● **Saved entries**:
....

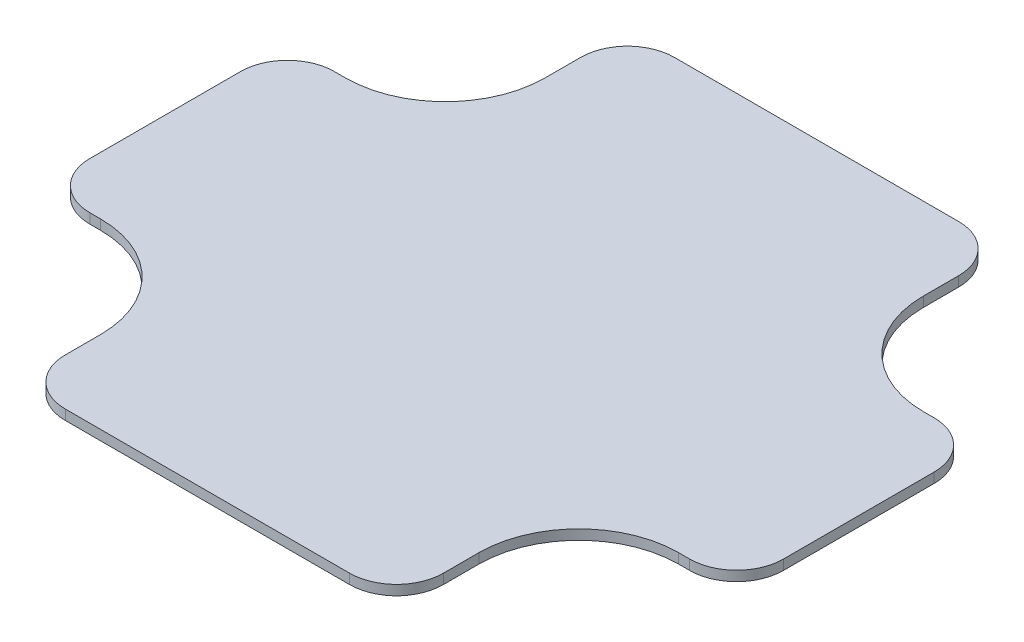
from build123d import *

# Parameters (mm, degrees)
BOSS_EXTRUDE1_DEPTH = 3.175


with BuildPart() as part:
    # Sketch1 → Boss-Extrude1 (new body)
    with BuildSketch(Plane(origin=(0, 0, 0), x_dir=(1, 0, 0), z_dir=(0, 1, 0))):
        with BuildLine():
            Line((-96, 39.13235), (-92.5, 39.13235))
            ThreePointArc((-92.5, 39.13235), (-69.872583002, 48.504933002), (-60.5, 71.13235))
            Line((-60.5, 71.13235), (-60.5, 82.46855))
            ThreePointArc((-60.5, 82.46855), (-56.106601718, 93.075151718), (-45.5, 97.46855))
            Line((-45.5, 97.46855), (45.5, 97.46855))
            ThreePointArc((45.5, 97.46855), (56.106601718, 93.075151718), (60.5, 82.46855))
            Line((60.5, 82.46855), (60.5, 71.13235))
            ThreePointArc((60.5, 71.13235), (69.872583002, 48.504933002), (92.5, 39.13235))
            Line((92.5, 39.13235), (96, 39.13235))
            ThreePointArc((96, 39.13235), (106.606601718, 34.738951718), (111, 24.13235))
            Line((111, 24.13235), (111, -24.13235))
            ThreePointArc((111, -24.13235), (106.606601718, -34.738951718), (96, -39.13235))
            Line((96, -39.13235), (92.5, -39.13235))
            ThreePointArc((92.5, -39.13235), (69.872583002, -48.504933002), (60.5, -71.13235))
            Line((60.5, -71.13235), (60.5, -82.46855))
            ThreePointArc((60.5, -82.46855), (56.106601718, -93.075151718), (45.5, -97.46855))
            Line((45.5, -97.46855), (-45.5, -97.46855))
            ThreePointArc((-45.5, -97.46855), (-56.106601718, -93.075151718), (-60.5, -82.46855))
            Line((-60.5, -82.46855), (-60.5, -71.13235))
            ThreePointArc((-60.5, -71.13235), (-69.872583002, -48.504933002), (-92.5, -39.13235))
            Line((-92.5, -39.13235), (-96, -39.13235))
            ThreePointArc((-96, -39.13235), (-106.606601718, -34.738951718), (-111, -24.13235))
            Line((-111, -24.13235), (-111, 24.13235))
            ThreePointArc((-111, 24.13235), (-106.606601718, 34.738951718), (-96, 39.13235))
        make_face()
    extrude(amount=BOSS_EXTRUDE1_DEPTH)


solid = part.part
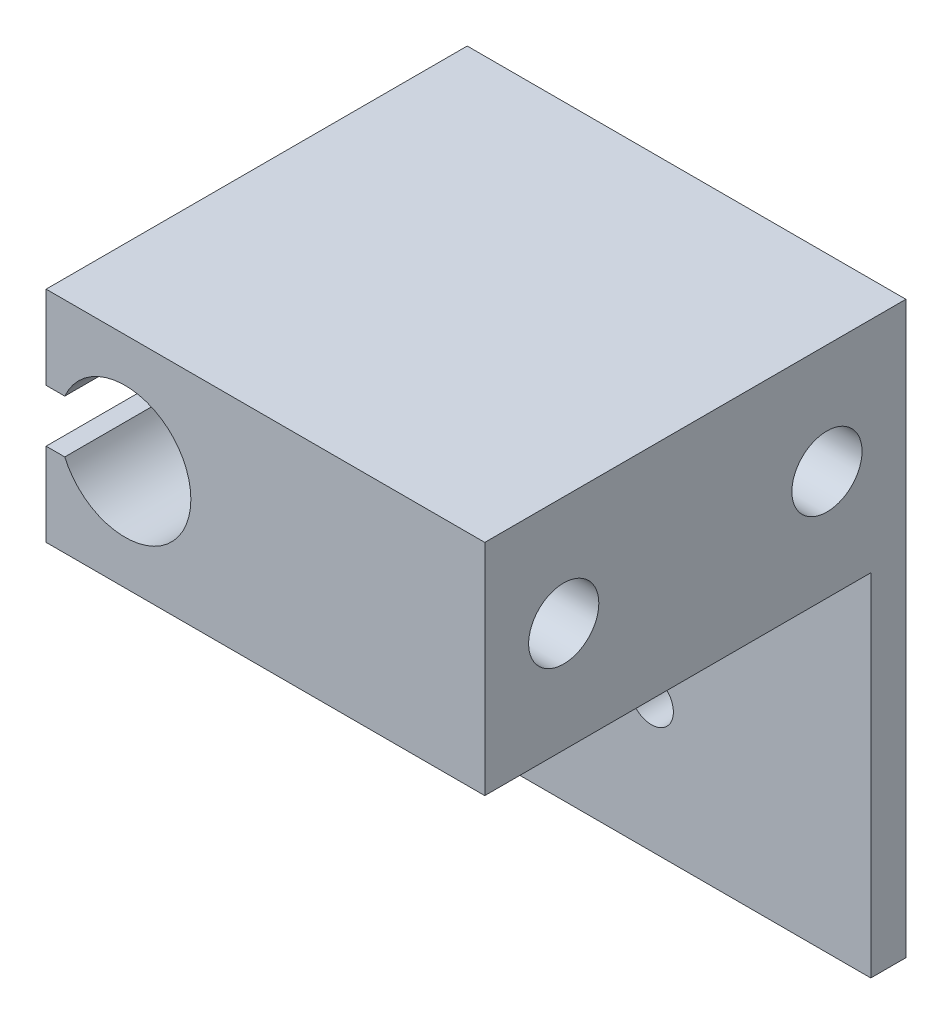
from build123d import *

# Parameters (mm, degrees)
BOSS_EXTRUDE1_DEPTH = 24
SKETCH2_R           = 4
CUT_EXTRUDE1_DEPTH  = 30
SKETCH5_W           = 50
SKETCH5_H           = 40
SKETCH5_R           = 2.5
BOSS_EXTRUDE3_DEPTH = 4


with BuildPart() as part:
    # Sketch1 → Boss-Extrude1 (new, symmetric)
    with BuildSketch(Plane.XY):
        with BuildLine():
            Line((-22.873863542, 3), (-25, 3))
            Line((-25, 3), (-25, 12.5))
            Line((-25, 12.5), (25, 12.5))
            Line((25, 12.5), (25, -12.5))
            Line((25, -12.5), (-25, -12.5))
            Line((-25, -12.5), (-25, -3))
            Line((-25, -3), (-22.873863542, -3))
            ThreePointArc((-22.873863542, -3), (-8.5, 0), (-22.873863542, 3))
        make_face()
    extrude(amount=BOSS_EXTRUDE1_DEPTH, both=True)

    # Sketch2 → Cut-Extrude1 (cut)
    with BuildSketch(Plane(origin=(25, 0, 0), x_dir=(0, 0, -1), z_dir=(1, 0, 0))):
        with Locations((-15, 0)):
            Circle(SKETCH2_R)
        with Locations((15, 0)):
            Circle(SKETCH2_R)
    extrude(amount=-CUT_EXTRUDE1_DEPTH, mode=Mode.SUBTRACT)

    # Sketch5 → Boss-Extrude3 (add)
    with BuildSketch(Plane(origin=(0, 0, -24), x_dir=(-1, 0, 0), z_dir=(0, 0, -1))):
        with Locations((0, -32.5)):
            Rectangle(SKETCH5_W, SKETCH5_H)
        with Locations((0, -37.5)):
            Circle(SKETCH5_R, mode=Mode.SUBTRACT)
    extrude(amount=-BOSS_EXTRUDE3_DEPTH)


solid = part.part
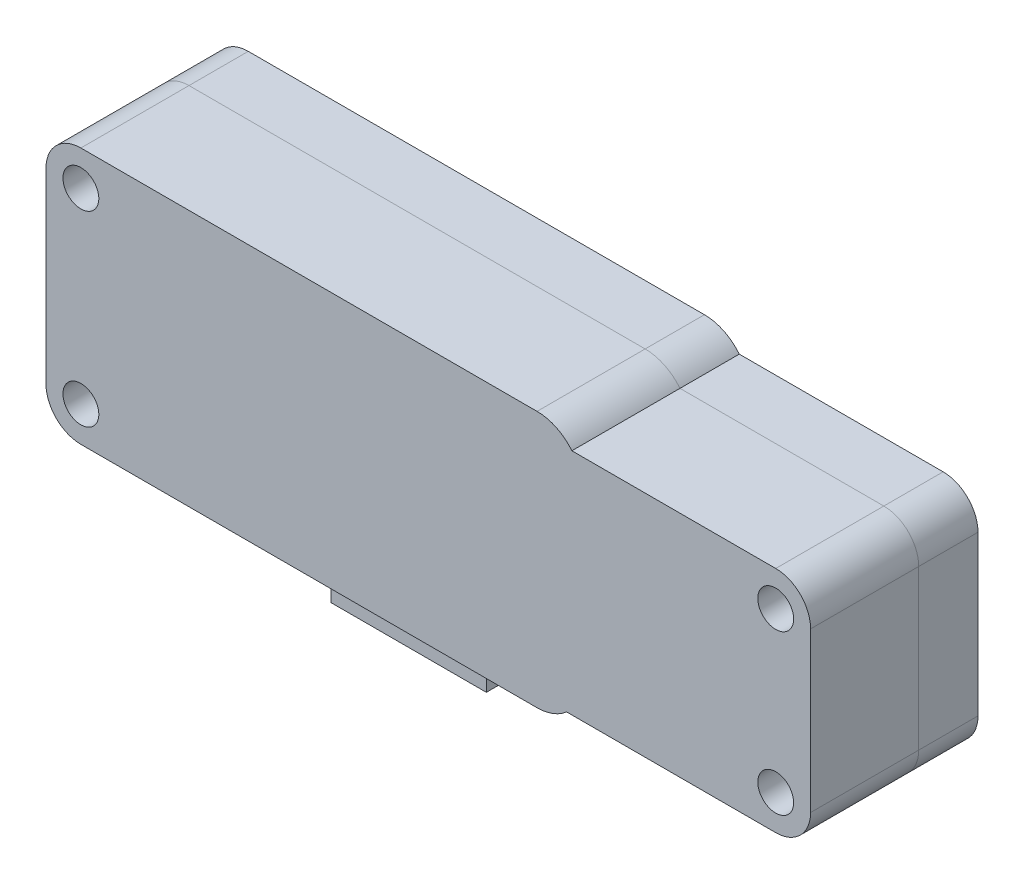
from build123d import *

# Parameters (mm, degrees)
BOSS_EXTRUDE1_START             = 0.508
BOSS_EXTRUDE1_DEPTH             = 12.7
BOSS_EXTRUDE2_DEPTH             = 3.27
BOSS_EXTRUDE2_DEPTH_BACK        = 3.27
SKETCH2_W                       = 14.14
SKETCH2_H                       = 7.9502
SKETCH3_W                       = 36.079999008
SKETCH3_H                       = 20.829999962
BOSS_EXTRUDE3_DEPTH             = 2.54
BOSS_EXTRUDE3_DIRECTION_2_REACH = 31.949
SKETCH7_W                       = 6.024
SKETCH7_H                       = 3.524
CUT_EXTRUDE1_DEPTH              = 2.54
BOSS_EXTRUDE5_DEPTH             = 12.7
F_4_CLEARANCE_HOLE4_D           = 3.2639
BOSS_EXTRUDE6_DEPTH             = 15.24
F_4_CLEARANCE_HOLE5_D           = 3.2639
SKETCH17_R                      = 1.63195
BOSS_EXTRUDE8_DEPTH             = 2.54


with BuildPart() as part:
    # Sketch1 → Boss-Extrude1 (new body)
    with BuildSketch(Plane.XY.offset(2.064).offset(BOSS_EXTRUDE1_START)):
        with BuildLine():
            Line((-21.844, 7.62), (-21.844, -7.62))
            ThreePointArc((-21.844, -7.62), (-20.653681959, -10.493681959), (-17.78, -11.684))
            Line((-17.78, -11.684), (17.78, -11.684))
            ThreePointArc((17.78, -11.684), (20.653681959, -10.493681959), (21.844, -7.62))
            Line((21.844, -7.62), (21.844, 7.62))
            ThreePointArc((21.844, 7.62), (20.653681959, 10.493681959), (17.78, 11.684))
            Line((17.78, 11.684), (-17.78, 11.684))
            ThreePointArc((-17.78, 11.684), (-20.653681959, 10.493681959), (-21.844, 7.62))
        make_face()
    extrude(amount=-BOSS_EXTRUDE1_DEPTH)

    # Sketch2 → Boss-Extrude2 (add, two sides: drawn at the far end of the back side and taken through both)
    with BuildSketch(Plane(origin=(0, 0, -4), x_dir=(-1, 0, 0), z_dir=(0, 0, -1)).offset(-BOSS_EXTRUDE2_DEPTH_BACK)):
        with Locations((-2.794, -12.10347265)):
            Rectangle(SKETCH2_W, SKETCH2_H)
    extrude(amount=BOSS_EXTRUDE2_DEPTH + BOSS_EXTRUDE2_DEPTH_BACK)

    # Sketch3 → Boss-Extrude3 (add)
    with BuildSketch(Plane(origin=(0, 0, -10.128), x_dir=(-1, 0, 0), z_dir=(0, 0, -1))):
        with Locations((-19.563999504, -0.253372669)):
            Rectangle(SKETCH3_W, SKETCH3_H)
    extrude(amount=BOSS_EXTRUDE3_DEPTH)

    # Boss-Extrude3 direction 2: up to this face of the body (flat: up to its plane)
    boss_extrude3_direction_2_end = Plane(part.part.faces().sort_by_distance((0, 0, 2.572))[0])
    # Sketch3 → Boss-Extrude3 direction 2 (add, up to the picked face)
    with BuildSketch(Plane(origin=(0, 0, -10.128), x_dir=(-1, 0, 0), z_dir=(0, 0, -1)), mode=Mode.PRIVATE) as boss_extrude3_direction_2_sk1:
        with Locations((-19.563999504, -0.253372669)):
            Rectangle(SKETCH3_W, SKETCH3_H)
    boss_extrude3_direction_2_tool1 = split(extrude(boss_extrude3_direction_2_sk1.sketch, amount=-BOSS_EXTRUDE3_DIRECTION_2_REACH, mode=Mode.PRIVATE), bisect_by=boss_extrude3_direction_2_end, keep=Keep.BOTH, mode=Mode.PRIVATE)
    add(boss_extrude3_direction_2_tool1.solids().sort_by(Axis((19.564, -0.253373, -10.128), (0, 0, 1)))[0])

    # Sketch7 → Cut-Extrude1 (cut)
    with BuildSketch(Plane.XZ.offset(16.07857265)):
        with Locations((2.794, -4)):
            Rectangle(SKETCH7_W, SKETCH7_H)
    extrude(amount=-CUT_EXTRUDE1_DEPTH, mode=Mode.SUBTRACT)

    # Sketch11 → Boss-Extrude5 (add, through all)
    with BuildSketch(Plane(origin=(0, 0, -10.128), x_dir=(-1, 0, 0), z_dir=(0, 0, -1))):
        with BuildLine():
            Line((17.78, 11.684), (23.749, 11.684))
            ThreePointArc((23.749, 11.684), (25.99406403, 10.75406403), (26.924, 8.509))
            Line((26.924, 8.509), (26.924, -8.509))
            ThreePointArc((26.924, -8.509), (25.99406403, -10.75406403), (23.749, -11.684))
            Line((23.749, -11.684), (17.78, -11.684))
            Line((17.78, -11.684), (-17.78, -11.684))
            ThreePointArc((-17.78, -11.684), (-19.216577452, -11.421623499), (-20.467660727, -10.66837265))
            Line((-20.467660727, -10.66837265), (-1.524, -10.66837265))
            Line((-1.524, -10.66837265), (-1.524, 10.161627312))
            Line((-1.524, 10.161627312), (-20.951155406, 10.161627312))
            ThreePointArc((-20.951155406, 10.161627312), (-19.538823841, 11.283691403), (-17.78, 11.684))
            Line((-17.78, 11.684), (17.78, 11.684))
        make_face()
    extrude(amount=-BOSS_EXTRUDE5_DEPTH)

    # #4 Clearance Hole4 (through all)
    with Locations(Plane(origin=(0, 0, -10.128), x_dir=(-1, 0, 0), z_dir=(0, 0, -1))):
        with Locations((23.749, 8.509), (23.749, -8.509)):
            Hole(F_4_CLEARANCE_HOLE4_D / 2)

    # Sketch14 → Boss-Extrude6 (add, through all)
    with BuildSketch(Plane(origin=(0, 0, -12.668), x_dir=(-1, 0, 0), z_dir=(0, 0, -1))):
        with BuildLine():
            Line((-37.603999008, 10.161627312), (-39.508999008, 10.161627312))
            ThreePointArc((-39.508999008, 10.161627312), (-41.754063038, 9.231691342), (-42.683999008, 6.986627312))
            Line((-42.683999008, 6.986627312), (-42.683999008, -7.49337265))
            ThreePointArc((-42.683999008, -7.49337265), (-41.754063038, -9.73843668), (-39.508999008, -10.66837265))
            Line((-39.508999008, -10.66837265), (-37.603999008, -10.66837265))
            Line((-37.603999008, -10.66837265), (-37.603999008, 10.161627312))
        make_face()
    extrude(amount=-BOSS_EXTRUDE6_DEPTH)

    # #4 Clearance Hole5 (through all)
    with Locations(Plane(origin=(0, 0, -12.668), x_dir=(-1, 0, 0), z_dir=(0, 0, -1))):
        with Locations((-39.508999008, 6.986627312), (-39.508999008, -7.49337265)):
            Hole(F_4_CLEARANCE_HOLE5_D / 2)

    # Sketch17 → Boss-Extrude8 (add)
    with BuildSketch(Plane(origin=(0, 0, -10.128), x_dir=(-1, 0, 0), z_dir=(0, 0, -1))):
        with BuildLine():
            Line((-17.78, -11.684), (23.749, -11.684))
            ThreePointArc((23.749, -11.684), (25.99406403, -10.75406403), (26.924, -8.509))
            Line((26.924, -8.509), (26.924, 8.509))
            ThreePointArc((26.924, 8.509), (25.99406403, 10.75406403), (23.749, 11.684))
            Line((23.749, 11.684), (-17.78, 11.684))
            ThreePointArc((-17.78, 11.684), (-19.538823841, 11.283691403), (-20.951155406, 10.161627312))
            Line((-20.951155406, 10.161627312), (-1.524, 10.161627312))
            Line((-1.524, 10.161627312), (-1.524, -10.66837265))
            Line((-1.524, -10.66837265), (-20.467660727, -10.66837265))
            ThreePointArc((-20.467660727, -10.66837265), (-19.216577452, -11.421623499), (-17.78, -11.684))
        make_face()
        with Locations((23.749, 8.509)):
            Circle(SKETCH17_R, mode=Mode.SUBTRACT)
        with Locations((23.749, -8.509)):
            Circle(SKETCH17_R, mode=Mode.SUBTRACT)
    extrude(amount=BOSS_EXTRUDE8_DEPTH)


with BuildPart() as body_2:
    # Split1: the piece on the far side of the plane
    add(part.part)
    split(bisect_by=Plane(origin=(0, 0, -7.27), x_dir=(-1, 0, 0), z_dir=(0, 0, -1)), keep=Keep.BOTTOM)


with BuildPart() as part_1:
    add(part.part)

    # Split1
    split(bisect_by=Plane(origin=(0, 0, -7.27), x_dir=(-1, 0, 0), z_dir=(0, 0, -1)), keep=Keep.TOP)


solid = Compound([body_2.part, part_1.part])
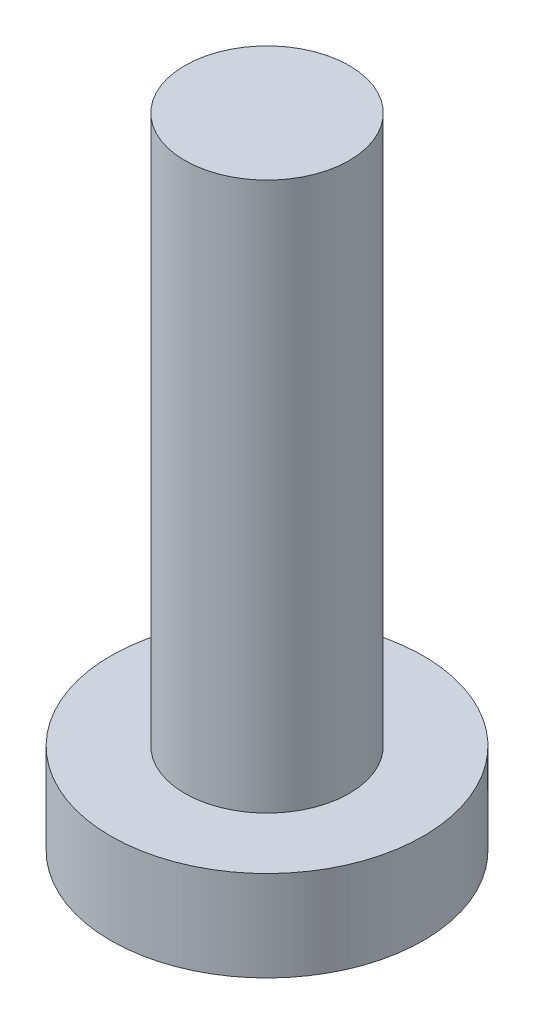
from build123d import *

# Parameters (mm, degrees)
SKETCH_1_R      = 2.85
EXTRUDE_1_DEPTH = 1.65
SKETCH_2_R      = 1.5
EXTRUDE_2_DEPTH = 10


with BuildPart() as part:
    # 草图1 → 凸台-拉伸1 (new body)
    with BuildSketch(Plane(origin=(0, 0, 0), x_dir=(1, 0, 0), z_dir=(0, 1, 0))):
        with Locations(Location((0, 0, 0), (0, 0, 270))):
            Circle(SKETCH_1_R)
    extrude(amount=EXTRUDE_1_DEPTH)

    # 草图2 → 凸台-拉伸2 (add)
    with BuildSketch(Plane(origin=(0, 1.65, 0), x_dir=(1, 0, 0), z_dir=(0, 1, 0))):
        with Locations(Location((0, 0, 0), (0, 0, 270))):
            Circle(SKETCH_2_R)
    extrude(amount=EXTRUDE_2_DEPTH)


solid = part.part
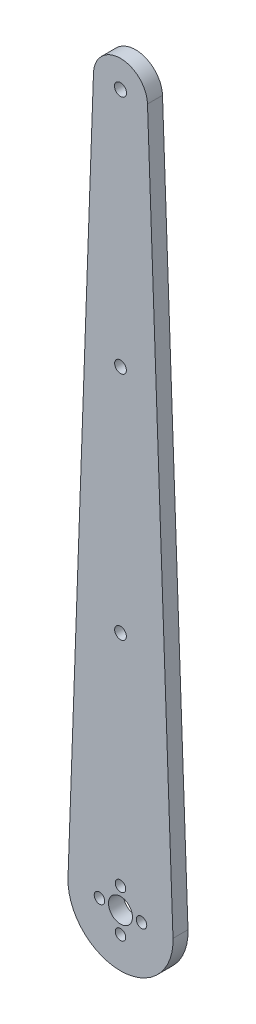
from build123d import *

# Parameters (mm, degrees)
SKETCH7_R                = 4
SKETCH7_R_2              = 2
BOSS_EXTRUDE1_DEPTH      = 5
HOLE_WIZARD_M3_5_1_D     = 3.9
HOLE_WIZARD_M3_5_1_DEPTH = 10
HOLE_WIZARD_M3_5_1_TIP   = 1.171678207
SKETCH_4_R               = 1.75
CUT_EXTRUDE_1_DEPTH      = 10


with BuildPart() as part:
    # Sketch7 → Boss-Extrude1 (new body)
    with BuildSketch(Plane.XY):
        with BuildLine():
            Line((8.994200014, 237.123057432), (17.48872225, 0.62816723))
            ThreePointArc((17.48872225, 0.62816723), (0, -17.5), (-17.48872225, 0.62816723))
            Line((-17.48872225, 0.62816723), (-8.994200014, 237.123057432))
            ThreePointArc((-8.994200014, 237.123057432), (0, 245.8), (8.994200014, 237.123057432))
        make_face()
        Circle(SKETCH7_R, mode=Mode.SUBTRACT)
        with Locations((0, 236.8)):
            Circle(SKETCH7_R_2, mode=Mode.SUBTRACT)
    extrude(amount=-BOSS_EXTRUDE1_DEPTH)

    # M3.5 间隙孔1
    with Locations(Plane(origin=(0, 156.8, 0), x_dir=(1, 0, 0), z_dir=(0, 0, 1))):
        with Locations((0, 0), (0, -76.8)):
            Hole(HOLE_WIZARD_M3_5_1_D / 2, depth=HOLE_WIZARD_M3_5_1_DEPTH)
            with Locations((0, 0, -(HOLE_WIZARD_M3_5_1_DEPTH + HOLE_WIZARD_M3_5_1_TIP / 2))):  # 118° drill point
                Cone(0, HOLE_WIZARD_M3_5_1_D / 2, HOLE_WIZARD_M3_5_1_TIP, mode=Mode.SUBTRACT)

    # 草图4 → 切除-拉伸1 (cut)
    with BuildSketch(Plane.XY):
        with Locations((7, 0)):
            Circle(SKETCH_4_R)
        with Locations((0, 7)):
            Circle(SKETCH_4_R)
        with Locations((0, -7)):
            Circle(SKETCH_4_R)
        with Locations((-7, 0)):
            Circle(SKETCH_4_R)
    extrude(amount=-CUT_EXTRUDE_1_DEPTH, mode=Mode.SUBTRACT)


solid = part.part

....

● **BRIEF**: Will you return exactly the lines above from the one with "# Sketch11 →" down to the one with "Line((-1.524, 10.161627312), (-20.951155406, 10.161627312))", counting both as part of the range?

● **PROBLEM SOLUTION**:
    # Sketch11 → Boss-Extrude5 (add, through all)
    with BuildSketch(Plane(origin=(0, 0, -10.128), x_dir=(-1, 0, 0), z_dir=(0, 0, -1))):
        with BuildLine():
            Line((17.78, 11.684), (23.749, 11.684))
            ThreePointArc((23.749, 11.684), (25.99406403, 10.75406403), (26.924, 8.509))
            Line((26.924, 8.509), (26.924, -8.509))
            ThreePointArc((26.924, -8.509), (25.99406403, -10.75406403), (23.749, -11.684))
            Line((23.749, -11.684), (17.78, -11.684))
            Line((17.78, -11.684), (-17.78, -11.684))
            ThreePointArc((-17.78, -11.684), (-19.216577452, -11.421623499), (-20.467660727, -10.66837265))
            Line((-20.467660727, -10.66837265), (-1.524, -10.66837265))
            Line((-1.524, -10.66837265), (-1.524, 10.161627312))
            Line((-1.524, 10.161627312), (-20.951155406, 10.161627312))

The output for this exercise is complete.